Baca Juga :  Masjid Miliki Peran Mengentaskan Kemiskinan

“Belanja yang tidak terlalu mendesak, seperti makan minum maupun pengadaan barang yang masih layak digunakan itu kita tekan sejak awal pembahasan,” ucapnya.

Dikatakannya, sejumlah rencana pengadaan yang dinilai belum mendesak juga diputuskan untuk ditunda. Langkah ini dilakukan guna memastikan anggaran daerah digunakan secara lebih efektif dan tepat sasaran.

Electronic money exchangers listing

Ia menambahkan, kebijakan efisiensi bukan hanya terjadi di tingkat daerah, tetapi merupakan bagian dari penyesuaian terhadap kondisi nasional hingga global.

“Efisiensi ini bukan hanya di daerah kita saja, tetapi juga terjadi secara nasional bahkan global, sehingga kita harus bisa menyesuaikan,” ucapnya.

Bendahara DPD Partai Demokrat Provinsi Kalteng itu, menekankan efisiensi tidak boleh berdampak pada berkurangnya volume pembangunan. Ia berharap penghematan yang dilakukan dari belanja internal dapat dialihkan untuk memperkuat program yang bersentuhan langsung dengan masyarakat.

Baca Juga :  Jelang Nataru, SKY : Perlu Keterlibatan Semua Elemen Jaga Kondusifitas Wilayah

“Yang kita kurangi itu belanja internalnya, tapi pembangunan harus tetap berjalan dan manfaatnya benar-benar dirasakan oleh masyarakat,” tandasnya. (jef)

PALANGKA RAYA, PROKALTENG.CO – DPRD Kota Palangka Raya menyatakan dukungannya terhadap langkah pemerintah kota menerapkan konsolidasi pengadaan barang dan jasa sebagai strategi menghadapi kebijakan efisiensi anggaran tahun 2026.

Anggota Komisi I DPRD Kota Palangka Raya, Hatir Sata Tarigan menegaskan, kebijakan efisiensi yang diambil pemerintah daerah merupakan langkah yang tepat dan perlu didukung bersama.

“Kami pada prinsipnya mendukung upaya efisiensi yang dilakukan pemerintah kota, karena ini memang menjadi kebutuhan dalam pengelolaan anggaran saat ini,” ujarnya, Selasa (21/4/2025).

Electronic money exchangers listing

Ia menjelaskan, konsolidasi pengadaan dinilai efektif untuk menekan belanja yang tidak bersifat prioritas, tanpa harus mengorbankan jalannya program pembangunan yang telah direncanakan.

Hatir mengatakan sejak pembahasan APBD sebelumnya, pihak DPRD telah mendorong rasionalisasi anggaran, khususnya pada pos belanja yang masih dapat dikurangi.

Baca Juga :  Masjid Miliki Peran Mengentaskan Kemiskinan

“Belanja yang tidak terlalu mendesak, seperti makan minum maupun pengadaan barang yang masih layak digunakan itu kita tekan sejak awal pembahasan,” ucapnya.

Dikatakannya, sejumlah rencana pengadaan yang dinilai belum mendesak juga diputuskan untuk ditunda.
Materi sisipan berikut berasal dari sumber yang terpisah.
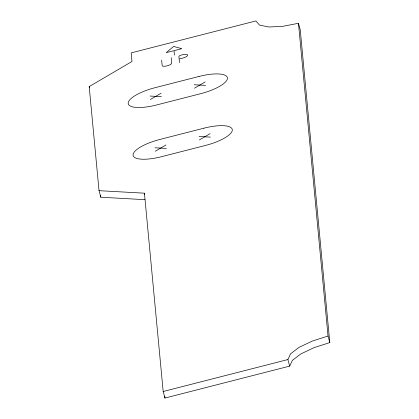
<?xml version="1.0" encoding="UTF-8"?>
<svg xmlns="http://www.w3.org/2000/svg" width="419" height="419" viewBox="0 0 419 419"><rect width="100%" height="100%" fill="white"/><g stroke="black" fill="none" stroke-linecap="round" stroke-linejoin="round"><path stroke-width="0.63" d="M99.031 190.676L144.435 193.18L163.18 391.498L164.966 398.05L289.691 366.112L287.9 359.56L290.582 353.804L299.145 347.314L312.296 341.076L328.025 336.038L298.459 23.296L282.547 26.366L268.867 26.994L259.508 25.093L255.894 20.95L131.173 52.888L131.985 61.504L89.189 86.592L99.031 190.676L100.817 197.229L144.922 199.664M289.691 366.112L292.368 360.361L300.936 353.866L314.082 347.629L329.811 342.595L300.25 29.854L298.459 23.296M150.4 99.492L161.095 93.222M194.5 88.2L205.195 81.93M155.287 151.228L165.987 144.958M199.386 139.936L210.087 133.666M173.461 50.804L166.207 52.663L173.613 46.436L181.82 48.667L174.011 50.662L174.43 55.057M179.699 58.88L182.543 58.152A5.494 1.65 -15.3 0 0 187.696 55.13A5.494 1.65 -15.3 0 0 182.228 54.826L181.417 55.036A2.671 0.801 -15.3 0 0 178.908 56.502L179.484 62.593M163.18 391.498L287.9 359.56M194.17 84.753L205.525 85.376M150.07 96.045L161.425 96.669M199.062 136.489L210.411 137.113M154.962 147.781L166.312 148.405M328.025 336.038L329.811 342.595M144.435 193.18L144.759 194.374M89.189 86.592L89.514 87.786M171.172 57.654L171.69 63.138A4.928 1.477 -15.3 0 1 167.066 65.851A4.928 1.477 -15.3 0 1 162.158 65.579L161.64 60.095M164.782 396.102L164.966 398.05M100.633 195.28L100.817 197.229M199.03 76.441L154.93 87.733A28.487 8.542 -15.3 0 0 128.183 103.414A28.487 8.542 -15.3 0 0 156.565 104.98L200.664 93.688A28.487 8.542 -15.3 0 0 227.412 78.007A28.487 8.542 -15.3 0 0 199.03 76.441M203.922 128.177L159.822 139.469A28.487 8.542 -15.3 0 0 133.074 155.15A28.487 8.542 -15.3 0 0 161.451 156.716L205.551 145.424A28.487 8.542 -15.3 0 0 232.299 129.743A28.487 8.542 -15.3 0 0 203.922 128.177"/></g></svg>
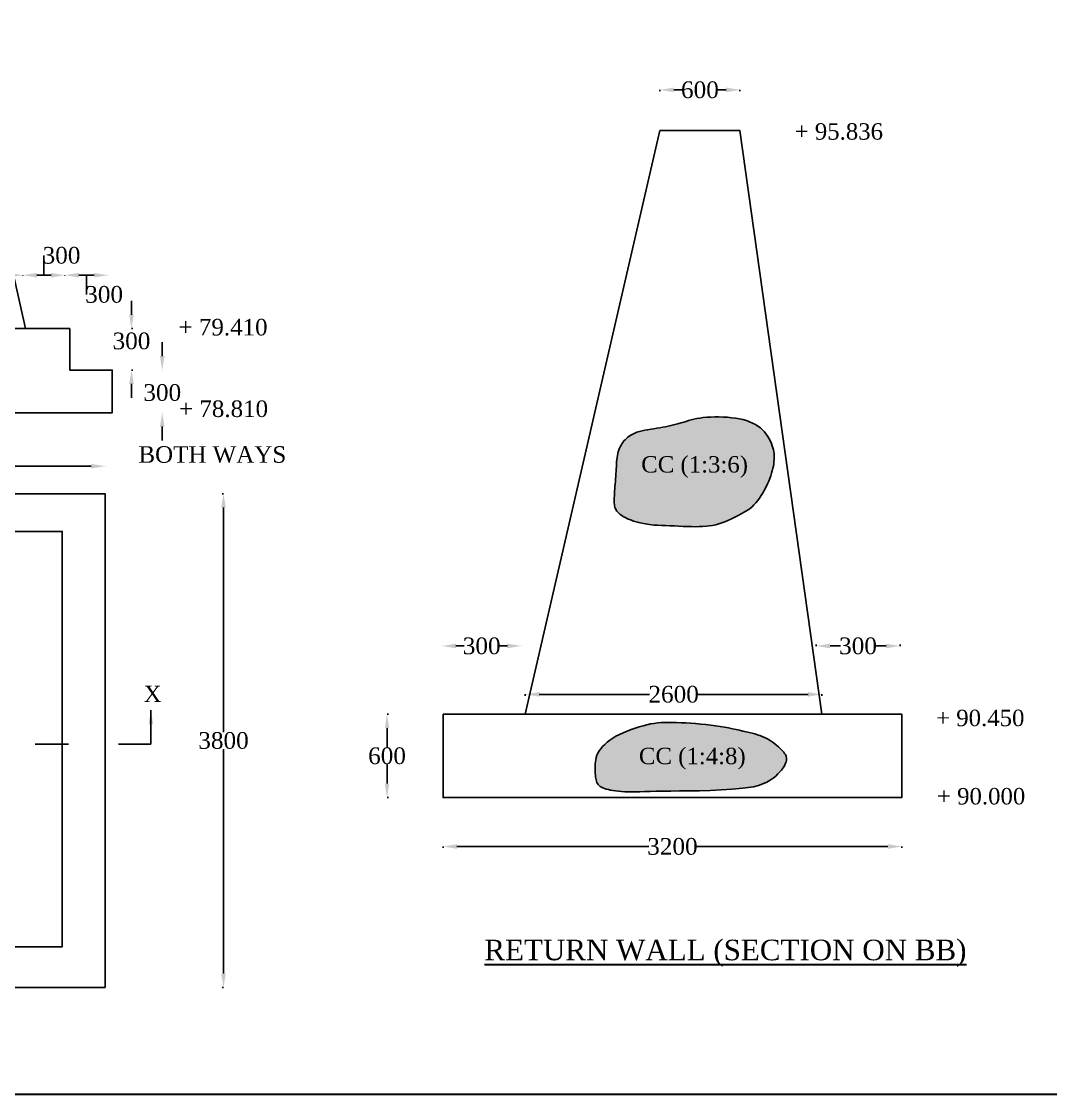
# Model space of a CAD drawing. Header units: millimetres. Extents: x 873 to 18870, y 107 to 12113.
# Drawn here: x 8258 to 11954, y 107 to 3959 of the extents above; entities that cross this region are included whole.
import ezdxf

# ---------------------------------------------------------------- set-up
doc = ezdxf.new("R2010")
doc.units = ezdxf.units.MM
doc.header["$MEASUREMENT"] = 0
doc.linetypes.add('ACAD_ISO03W100', pattern=[30, 12, -18])
for name, color, linetype in [('DIM', 5, 'Continuous'), ('DO LINE', 3, 'Continuous'), ('DWG.LINE', 10, 'Continuous'), ('HATCH', 2, 'Continuous'), ('TEXT', 7, 'Continuous')]:
    doc.layers.add(name, color=color, linetype=linetype)
doc.layers.add('TITLE', color=7, linetype='Continuous', lineweight=30)
doc.styles.get("Standard").update_dxf_attribs({"font": 'times.ttf', "height": 60})
doc.dimstyles.get("Standard").update_dxf_attribs({"dimtxt": 60, "dimasz": 50, "dimexe": 0.18, "dimexo": 0.0625, "dimgap": 0.09, "dimtad": 0, "dimtih": 1, "dimtoh": 1, "dimdec": 0, "dimzin": 0, "dimdsep": 46, "dimtxsty": 'Standard', "dimcen": 300, "dimclrd": 5, "dimclre": 5, "dimclrt": 4, "dimadec": 0, "dimazin": 0, "dimtfac": 1, "dimtdec": 0, "dimtofl": 0, "dimtmove": 0, "dimatfit": 3, "dimfxl": 0, "dimtolj": 1, "dimtzin": 0, "dimarcsym": 0})

# ---------------------------------------------------------------- blocks, each defined once
blk = doc.blocks.new('*D2')
at = {"layer": 'Defpoints', "color": 0, "ltscale": 0.2}
for p in [(10838, 3713.8), (10550.6, 3567.9), (10838, 3567.9)]:
    blk.add_point(p, dxfattribs=at)
at = {"layer": 'DIM', "color": 5, "lineweight": -2, "ltscale": 0.2}
for p, q in [((10550.6, 3708.8), (10550.6, 3713.9)), ((10600.6, 3713.8), (10631.3, 3713.8)), ((10788, 3713.8), (10757.4, 3713.8)), ((10838, 3708.8), (10838, 3713.9))]:
    blk.add_line(p, q, dxfattribs=at)
at = {"layer": 'DIM', "color": 5, "ltscale": 0.2}
for points in [[(10600.6, 3722.1), (10600.6, 3705.4), (10550.6, 3713.8)], [(10788, 3722.1), (10788, 3705.4), (10838, 3713.8)]]:
    blk.add_solid(points, dxfattribs=at)
at = {"layer": 'DIM', "color": 4, "ltscale": 0.2, "insert": (10694.3, 3713.8), "char_height": 60, "attachment_point": 5}
blk.add_mtext('\\A1;600', dxfattribs=at)
blk = doc.blocks.new('*D3')
at = {"layer": 'Defpoints', "color": 0, "ltscale": 0.2}
for p in [(9771.8, 1472.2), (9570.6, 1173.2), (9771.8, 1173.2)]:
    blk.add_point(p, dxfattribs=at)
at = {"layer": 'DIM', "color": 5, "lineweight": -2, "ltscale": 0.2}
for p, q in [((9575.6, 1472.2), (9570.5, 1472.2)), ((9570.6, 1422.2), (9570.6, 1353.3)), ((9570.6, 1223.2), (9570.6, 1292.1)), ((9575.6, 1173.2), (9570.5, 1173.2))]:
    blk.add_line(p, q, dxfattribs=at)
at = {"layer": 'DIM', "color": 5, "ltscale": 0.2}
for points in [[(9562.3, 1422.2), (9579, 1422.2), (9570.6, 1472.2)], [(9562.3, 1223.2), (9579, 1223.2), (9570.6, 1173.2)]]:
    blk.add_solid(points, dxfattribs=at)
at = {"layer": 'DIM', "color": 4, "ltscale": 0.2, "insert": (9570.6, 1322.7), "char_height": 60, "attachment_point": 5}
blk.add_mtext('\\A1;600', dxfattribs=at)
blk = doc.blocks.new('*D4')
at = {"layer": 'Defpoints', "color": 0, "ltscale": 0.2}
for p in [(9768.1, 1717.3), (10053, 1717.3), (10053, 1717.3)]:
    blk.add_point(p, dxfattribs=at)
at = {"layer": 'DIM', "color": 5, "lineweight": -2, "ltscale": 0.2}
for p, q in [((9768.1, 1717.3), (9768.1, 1717.5)), ((9818.1, 1717.3), (9847.4, 1717.3)), ((10003, 1717.3), (9973.7, 1717.3)), ((10053, 1717.3), (10053, 1717.5))]:
    blk.add_line(p, q, dxfattribs=at)
at = {"layer": 'DIM', "color": 5, "ltscale": 0.2}
for points in [[(9818.1, 1725.6), (9818.1, 1709), (9768.1, 1717.3)], [(10003, 1725.6), (10003, 1709), (10053, 1717.3)]]:
    blk.add_solid(points, dxfattribs=at)
at = {"layer": 'DIM', "color": 4, "ltscale": 0.2, "insert": (9910.6, 1717.3), "char_height": 60, "attachment_point": 5}
blk.add_mtext('\\A1;300', dxfattribs=at)
blk = doc.blocks.new('*D5')
at = {"layer": 'Defpoints', "color": 0, "ltscale": 0.2}
for p in [(11111.5, 1752.6), (11412.9, 1737.3), (11412.9, 1717.3)]:
    blk.add_point(p, dxfattribs=at)
at = {"layer": 'DIM', "color": 5, "lineweight": -2, "ltscale": 0.2}
for p, q in [((11111.5, 1722.3), (11111.5, 1717.1)), ((11161.5, 1717.3), (11199, 1717.3)), ((11362.9, 1717.3), (11325.3, 1717.3)), ((11412.9, 1722.3), (11412.9, 1717.1))]:
    blk.add_line(p, q, dxfattribs=at)
at = {"layer": 'DIM', "color": 5, "ltscale": 0.2}
for points in [[(11161.5, 1725.6), (11161.5, 1709), (11111.5, 1717.3)], [(11362.9, 1725.6), (11362.9, 1709), (11412.9, 1717.3)]]:
    blk.add_solid(points, dxfattribs=at)
at = {"layer": 'DIM', "color": 4, "ltscale": 0.2, "insert": (11262.2, 1717.3), "char_height": 60, "attachment_point": 5}
blk.add_mtext('\\A1;300', dxfattribs=at)
blk = doc.blocks.new('*D6')
at = {"layer": 'Defpoints', "color": 0, "ltscale": 0.2}
for p in [(9771.8, 981.8), (11419.4, 997.3), (11419.4, 981.8)]:
    blk.add_point(p, dxfattribs=at)
at = {"layer": 'DIM', "color": 5, "lineweight": -2, "ltscale": 0.2}
for p, q in [((9771.8, 992.3), (9771.8, 997.4)), ((9821.8, 997.3), (10510.3, 997.3)), ((11369.4, 997.3), (10680.9, 997.3)), ((11419.4, 992.3), (11419.4, 997.4))]:
    blk.add_line(p, q, dxfattribs=at)
at = {"layer": 'DIM', "color": 5, "ltscale": 0.2}
for points in [[(9821.8, 1005.6), (9821.8, 988.9), (9771.8, 997.3)], [(11369.4, 1005.6), (11369.4, 988.9), (11419.4, 997.3)]]:
    blk.add_solid(points, dxfattribs=at)
at = {"layer": 'DIM', "color": 4, "ltscale": 0.2, "insert": (10595.6, 997.3), "char_height": 60, "attachment_point": 5}
blk.add_mtext('\\A1;3200', dxfattribs=at)
blk = doc.blocks.new('*D23')
at = {"layer": 'Defpoints', "color": 0, "ltscale": 0.2}
for p in [(4282, 2362.8), (8558.1, 2362.8), (8558.1, 2362.8)]:
    blk.add_point(p, dxfattribs=at)
at = {"layer": 'DIM', "color": 5, "lineweight": -2, "ltscale": 0.2}
for p, q in [((4282, 2362.8), (4282, 2363)), ((4332, 2362.8), (6334.7, 2362.8)), ((8508.1, 2362.8), (6505.4, 2362.8)), ((8558.1, 2362.8), (8558.1, 2363))]:
    blk.add_line(p, q, dxfattribs=at)
at = {"layer": 'DIM', "color": 5, "ltscale": 0.2}
for points in [[(4332, 2371.2), (4332, 2354.5), (4282, 2362.8)], [(8508.1, 2371.2), (8508.1, 2354.5), (8558.1, 2362.8)]]:
    blk.add_solid(points, dxfattribs=at)
at = {"layer": 'DIM', "color": 4, "ltscale": 0.2, "insert": (6420, 2362.8), "char_height": 60, "attachment_point": 5}
blk.add_mtext('\\A1;9000', dxfattribs=at)
blk = doc.blocks.new('*D24')
at = {"layer": 'Defpoints', "color": 0, "ltscale": 0.2}
for p in [(8976.1, 2264.1), (8976.1, 491.1), (8983.3, 491.1)]:
    blk.add_point(p, dxfattribs=at)
at = {"layer": 'DIM', "color": 5, "lineweight": -2, "ltscale": 0.2}
for p, q in [((8978.3, 2264.1), (8983.4, 2264.1)), ((8983.3, 2214.1), (8983.3, 1408.2)), ((8983.3, 541.1), (8983.3, 1347)), ((8978.3, 491.1), (8983.4, 491.1))]:
    blk.add_line(p, q, dxfattribs=at)
at = {"layer": 'DIM', "color": 5, "ltscale": 0.2}
for points in [[(8974.9, 2214.1), (8991.6, 2214.1), (8983.3, 2264.1)], [(8974.9, 541.1), (8991.6, 541.1), (8983.3, 491.1)]]:
    blk.add_solid(points, dxfattribs=at)
at = {"layer": 'DIM', "color": 4, "ltscale": 0.2, "insert": (8983.3, 1377.6), "char_height": 60, "attachment_point": 5}
blk.add_mtext('\\A1;3800', dxfattribs=at)
blk = doc.blocks.new('*D35')
at = {"layer": 'Defpoints', "color": 0, "ltscale": 0.2}
for p in [(7500.7, 3047.5), (8263, 3048.5), (8263, 3047.5)]:
    blk.add_point(p, dxfattribs=at)
at = {"layer": 'DIM', "color": 5, "lineweight": -2, "ltscale": 0.2}
for p, q in [((7500.7, 3047.6), (7500.7, 3048.6)), ((7550.7, 3048.5), (7799.9, 3048.5)), ((8213, 3048.5), (7963.8, 3048.5)), ((8263, 3047.6), (8263, 3048.6))]:
    blk.add_line(p, q, dxfattribs=at)
at = {"layer": 'DIM', "color": 5, "ltscale": 0.2}
for points in [[(7550.7, 3056.8), (7550.7, 3040.1), (7500.7, 3048.5)], [(8213, 3056.8), (8213, 3040.1), (8263, 3048.5)]]:
    blk.add_solid(points, dxfattribs=at)
at = {"layer": 'DIM', "color": 4, "ltscale": 0.2, "insert": (7881.8, 3048.5), "char_height": 60, "attachment_point": 5}
blk.add_mtext('\\A1;1550', dxfattribs=at)
blk = doc.blocks.new('*D36')
at = {"layer": 'Defpoints', "color": 0, "ltscale": 0.2}
for p in [(8263, 3047.5), (8413.9, 3048.5), (8413.9, 3046.7)]:
    blk.add_point(p, dxfattribs=at)
at = {"layer": 'DIM', "color": 5, "lineweight": -2, "ltscale": 0.2}
for p, q in [((8338.5, 3048.5), (8338.2, 3119.5)), ((8338.2, 3119.5), (8338.4, 3119.5)), ((8263, 3047.6), (8263, 3048.6)), ((8313, 3048.5), (8363.9, 3048.5)), ((8413.9, 3046.8), (8413.9, 3048.6))]:
    blk.add_line(p, q, dxfattribs=at)
at = {"layer": 'DIM', "color": 5, "ltscale": 0.2}
for points in [[(8313, 3056.8), (8313, 3040.1), (8263, 3048.5)], [(8363.9, 3056.8), (8363.9, 3040.1), (8413.9, 3048.5)]]:
    blk.add_solid(points, dxfattribs=at)
at = {"layer": 'DIM', "color": 4, "ltscale": 0.2, "insert": (8401.5, 3119.5), "char_height": 60, "attachment_point": 5}
blk.add_mtext('\\A1;300', dxfattribs=at)
blk = doc.blocks.new('*D37')
at = {"layer": 'Defpoints', "color": 0, "ltscale": 0.2}
for p in [(8413.9, 3046.7), (8569.1, 3048.5), (8569.1, 3048.5)]:
    blk.add_point(p, dxfattribs=at)
at = {"layer": 'DIM', "color": 5, "lineweight": -2, "ltscale": 0.2}
for p, q in [((8413.9, 3046.8), (8413.9, 3048.6)), ((8463.9, 3048.5), (8519.1, 3048.5)), ((8491.5, 3048.5), (8491.3, 2979.2)), ((8569.1, 3048.5), (8569.1, 3048.6)), ((8491.3, 2979.2), (8491.4, 2979.2))]:
    blk.add_line(p, q, dxfattribs=at)
at = {"layer": 'DIM', "color": 5, "ltscale": 0.2}
for points in [[(8463.9, 3056.8), (8463.9, 3040.1), (8413.9, 3048.5)], [(8519.1, 3056.8), (8519.1, 3040.1), (8569.1, 3048.5)]]:
    blk.add_solid(points, dxfattribs=at)
at = {"layer": 'DIM', "color": 4, "ltscale": 0.2, "insert": (8554.6, 2979.2), "char_height": 60, "attachment_point": 5}
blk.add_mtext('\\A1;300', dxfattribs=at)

Langkah ini dilakukan guna memastikan anggaran daerah digunakan secara lebih efektif dan tepat sasaran.

Ia menambahkan, kebijakan efisiensi bukan hanya terjadi di tingkat daerah, tetapi merupakan bagian dari penyesuaian terhadap kondisi nasional hingga global.

“Efisiensi ini bukan hanya di daerah kita saja, tetapi juga terjadi secara nasional bahkan global, sehingga kita harus bisa menyesuaikan,” ucapnya.

Bendahara DPD Partai Demokrat Provinsi Kalteng itu, menekankan efisiensi tidak boleh berdampak pada berkurangnya volume pembangunan. Ia berharap penghematan yang dilakukan dari belanja internal dapat dialihkan untuk memperkuat program yang bersentuhan langsung dengan masyarakat.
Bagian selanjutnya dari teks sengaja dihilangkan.